Material shown:
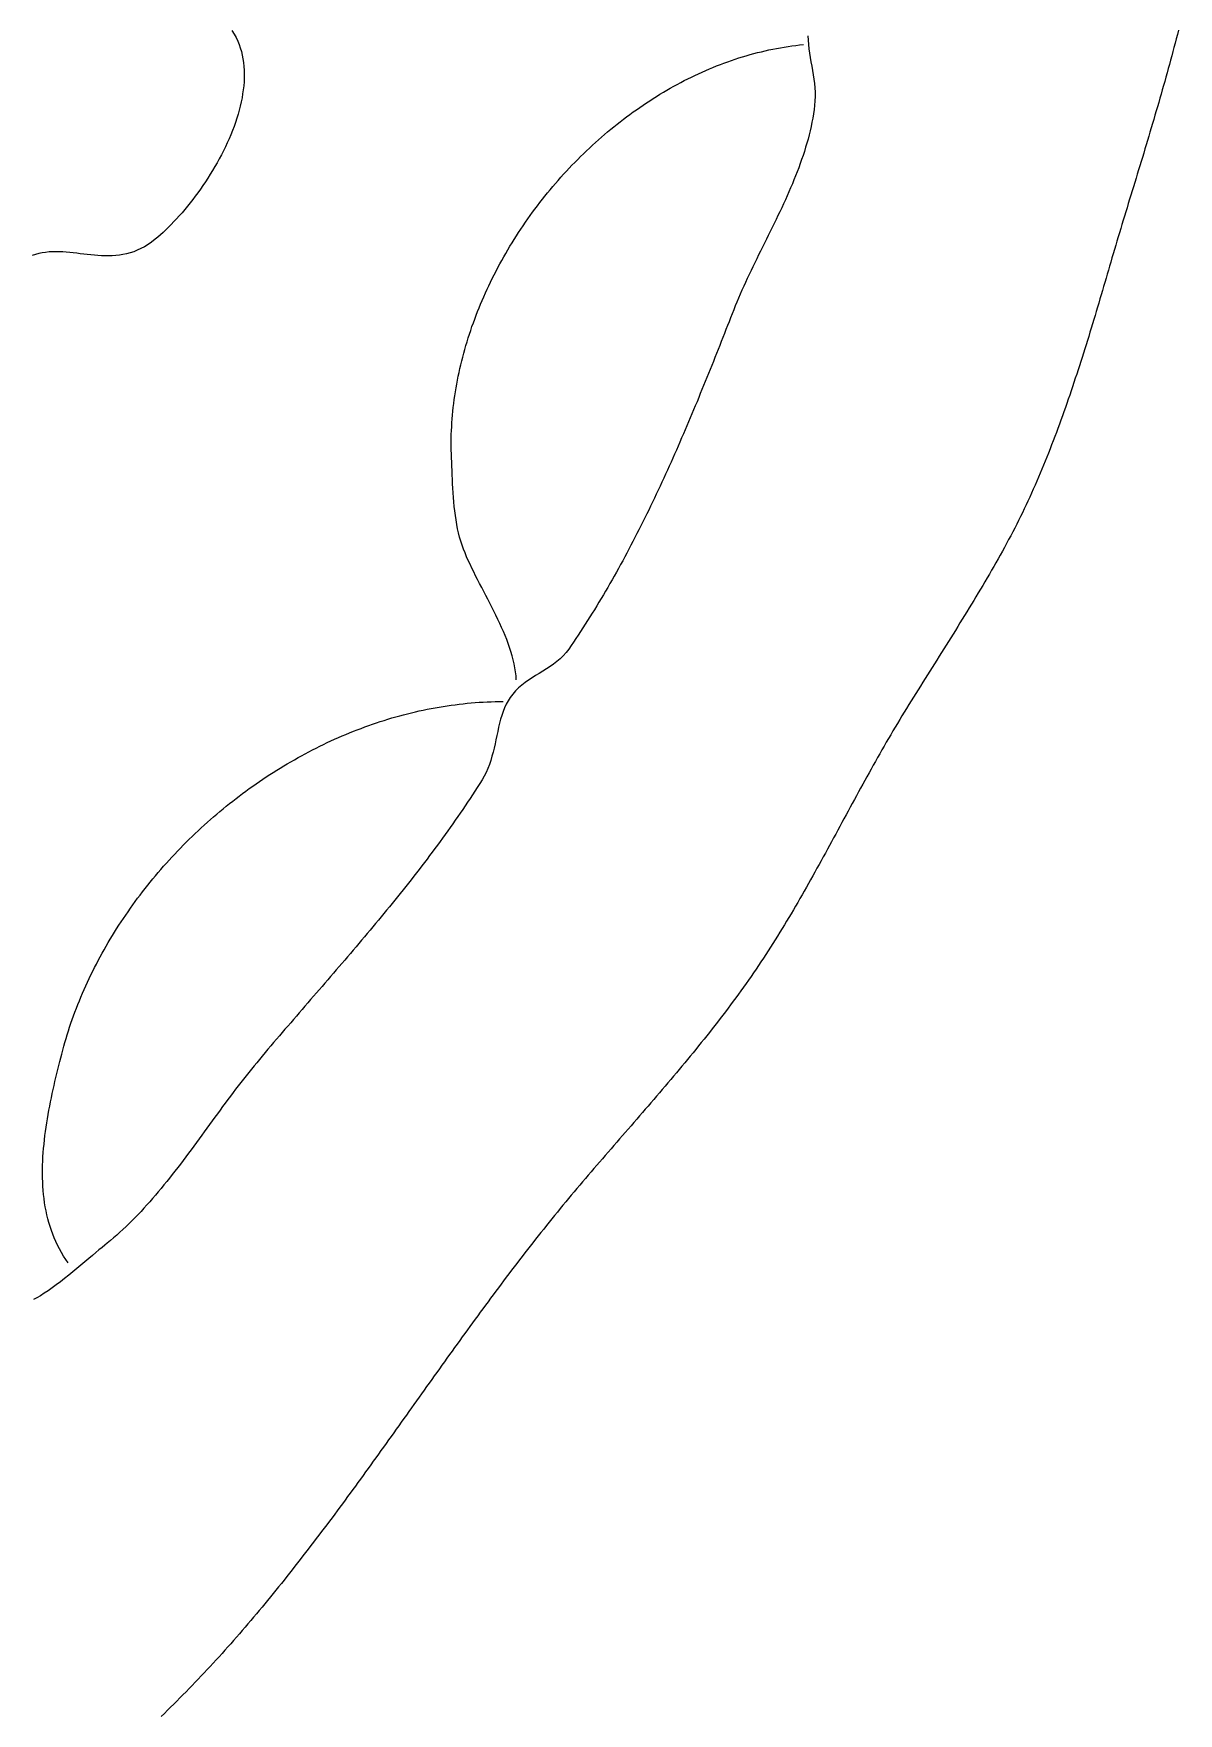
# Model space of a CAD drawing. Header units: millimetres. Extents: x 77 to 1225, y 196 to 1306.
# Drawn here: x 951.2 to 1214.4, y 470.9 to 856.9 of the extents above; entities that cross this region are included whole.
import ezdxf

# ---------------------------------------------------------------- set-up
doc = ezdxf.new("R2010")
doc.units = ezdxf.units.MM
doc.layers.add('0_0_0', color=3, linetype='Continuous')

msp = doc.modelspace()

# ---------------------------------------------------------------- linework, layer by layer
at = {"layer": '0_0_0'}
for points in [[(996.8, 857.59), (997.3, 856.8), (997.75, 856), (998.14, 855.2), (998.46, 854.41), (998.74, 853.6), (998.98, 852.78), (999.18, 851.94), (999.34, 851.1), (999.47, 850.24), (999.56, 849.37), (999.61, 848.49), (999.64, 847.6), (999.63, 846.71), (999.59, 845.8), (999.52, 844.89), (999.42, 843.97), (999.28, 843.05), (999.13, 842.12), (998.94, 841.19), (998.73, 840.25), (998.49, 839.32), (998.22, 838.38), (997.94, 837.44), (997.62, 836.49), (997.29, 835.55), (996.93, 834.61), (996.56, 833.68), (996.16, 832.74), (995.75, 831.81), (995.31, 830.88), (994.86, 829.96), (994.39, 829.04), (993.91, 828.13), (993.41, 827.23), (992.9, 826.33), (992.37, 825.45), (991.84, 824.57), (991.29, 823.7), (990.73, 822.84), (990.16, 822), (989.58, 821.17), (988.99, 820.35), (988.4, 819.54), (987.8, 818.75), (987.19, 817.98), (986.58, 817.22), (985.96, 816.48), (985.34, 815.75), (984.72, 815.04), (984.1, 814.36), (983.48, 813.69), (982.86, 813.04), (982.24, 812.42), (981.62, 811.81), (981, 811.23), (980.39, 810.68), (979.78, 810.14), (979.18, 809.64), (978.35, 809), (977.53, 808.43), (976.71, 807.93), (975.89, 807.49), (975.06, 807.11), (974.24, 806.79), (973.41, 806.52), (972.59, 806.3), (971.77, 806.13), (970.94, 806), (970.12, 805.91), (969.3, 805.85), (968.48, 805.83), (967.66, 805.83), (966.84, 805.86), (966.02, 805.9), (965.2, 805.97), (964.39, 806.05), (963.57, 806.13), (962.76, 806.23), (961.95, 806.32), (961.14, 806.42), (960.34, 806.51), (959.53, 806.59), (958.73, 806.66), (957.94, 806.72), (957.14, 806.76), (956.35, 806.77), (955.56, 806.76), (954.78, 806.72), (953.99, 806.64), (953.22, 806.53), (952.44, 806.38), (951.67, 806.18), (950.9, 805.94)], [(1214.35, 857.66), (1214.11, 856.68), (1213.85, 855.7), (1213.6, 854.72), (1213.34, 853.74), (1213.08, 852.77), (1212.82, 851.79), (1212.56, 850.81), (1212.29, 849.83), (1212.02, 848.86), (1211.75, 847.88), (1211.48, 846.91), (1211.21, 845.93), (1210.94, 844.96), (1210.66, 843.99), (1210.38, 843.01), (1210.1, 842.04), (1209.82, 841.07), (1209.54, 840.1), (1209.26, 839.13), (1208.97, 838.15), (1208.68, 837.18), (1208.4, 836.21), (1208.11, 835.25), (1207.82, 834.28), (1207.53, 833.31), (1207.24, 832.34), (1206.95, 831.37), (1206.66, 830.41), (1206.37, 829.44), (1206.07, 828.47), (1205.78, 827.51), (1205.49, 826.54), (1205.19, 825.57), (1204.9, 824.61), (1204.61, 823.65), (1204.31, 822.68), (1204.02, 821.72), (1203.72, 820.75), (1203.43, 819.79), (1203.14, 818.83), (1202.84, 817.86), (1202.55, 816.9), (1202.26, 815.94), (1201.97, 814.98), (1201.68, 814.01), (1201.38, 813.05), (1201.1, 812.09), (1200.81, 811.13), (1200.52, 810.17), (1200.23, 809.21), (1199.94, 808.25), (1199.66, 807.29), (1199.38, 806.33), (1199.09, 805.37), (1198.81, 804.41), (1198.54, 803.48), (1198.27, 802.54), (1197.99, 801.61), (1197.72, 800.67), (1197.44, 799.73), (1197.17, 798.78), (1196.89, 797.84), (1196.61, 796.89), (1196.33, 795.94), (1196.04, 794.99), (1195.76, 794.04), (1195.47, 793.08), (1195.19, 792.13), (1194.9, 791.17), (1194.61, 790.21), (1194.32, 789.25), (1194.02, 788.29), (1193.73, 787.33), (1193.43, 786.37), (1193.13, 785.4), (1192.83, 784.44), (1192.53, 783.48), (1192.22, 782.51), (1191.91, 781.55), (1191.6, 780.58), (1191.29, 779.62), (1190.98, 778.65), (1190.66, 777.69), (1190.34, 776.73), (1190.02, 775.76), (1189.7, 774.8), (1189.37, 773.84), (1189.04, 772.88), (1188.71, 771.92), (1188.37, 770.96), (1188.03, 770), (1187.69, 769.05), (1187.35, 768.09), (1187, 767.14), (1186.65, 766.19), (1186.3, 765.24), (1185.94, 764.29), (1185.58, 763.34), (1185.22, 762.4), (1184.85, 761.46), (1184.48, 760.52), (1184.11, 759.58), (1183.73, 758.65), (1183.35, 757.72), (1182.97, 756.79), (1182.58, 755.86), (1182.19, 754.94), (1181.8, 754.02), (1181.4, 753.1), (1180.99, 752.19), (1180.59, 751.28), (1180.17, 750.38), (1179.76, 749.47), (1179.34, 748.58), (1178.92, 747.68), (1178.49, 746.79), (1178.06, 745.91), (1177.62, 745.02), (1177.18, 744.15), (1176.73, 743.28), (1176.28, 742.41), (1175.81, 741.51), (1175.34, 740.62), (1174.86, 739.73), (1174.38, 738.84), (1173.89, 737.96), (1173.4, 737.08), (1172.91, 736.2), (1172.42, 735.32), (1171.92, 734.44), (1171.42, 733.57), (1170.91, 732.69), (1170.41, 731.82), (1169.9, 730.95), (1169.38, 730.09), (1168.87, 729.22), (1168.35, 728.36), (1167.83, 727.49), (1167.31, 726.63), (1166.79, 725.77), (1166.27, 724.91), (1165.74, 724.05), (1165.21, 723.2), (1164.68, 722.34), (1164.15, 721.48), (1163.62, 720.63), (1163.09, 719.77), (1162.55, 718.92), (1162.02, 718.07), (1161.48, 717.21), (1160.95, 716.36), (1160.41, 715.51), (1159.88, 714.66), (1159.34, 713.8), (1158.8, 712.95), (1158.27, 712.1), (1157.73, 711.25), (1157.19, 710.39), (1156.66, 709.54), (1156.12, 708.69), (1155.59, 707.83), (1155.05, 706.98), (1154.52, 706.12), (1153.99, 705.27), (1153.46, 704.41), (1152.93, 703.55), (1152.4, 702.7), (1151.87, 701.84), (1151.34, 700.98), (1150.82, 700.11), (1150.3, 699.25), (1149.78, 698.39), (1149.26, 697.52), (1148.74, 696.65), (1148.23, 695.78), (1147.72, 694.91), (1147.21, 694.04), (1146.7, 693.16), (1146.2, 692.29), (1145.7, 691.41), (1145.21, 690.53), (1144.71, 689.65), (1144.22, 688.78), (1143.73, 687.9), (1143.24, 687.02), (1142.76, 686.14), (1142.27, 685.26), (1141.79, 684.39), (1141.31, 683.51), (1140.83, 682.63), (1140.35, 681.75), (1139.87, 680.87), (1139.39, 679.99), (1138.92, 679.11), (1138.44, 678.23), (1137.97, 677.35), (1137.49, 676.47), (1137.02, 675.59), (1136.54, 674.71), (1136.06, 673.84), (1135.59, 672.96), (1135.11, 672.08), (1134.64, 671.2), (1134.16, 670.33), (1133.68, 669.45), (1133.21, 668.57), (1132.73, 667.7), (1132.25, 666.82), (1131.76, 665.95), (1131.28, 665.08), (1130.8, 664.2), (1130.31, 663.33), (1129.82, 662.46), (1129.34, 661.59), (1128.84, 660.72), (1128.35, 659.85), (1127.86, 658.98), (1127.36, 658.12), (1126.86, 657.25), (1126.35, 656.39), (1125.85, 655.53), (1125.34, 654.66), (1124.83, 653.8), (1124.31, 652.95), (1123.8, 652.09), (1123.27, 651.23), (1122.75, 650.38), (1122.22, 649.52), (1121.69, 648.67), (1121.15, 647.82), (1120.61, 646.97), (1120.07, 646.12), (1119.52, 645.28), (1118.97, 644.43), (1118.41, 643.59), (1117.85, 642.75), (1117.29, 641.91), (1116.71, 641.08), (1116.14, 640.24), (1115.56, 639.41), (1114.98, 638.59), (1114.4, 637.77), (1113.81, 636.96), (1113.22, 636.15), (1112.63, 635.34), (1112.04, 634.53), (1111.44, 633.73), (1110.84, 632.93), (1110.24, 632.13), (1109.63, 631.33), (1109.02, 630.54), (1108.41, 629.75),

Directions for this task:
Tally the lines above in which the string "ezdxf" occurs, and give the total with nothing added.

Response:
3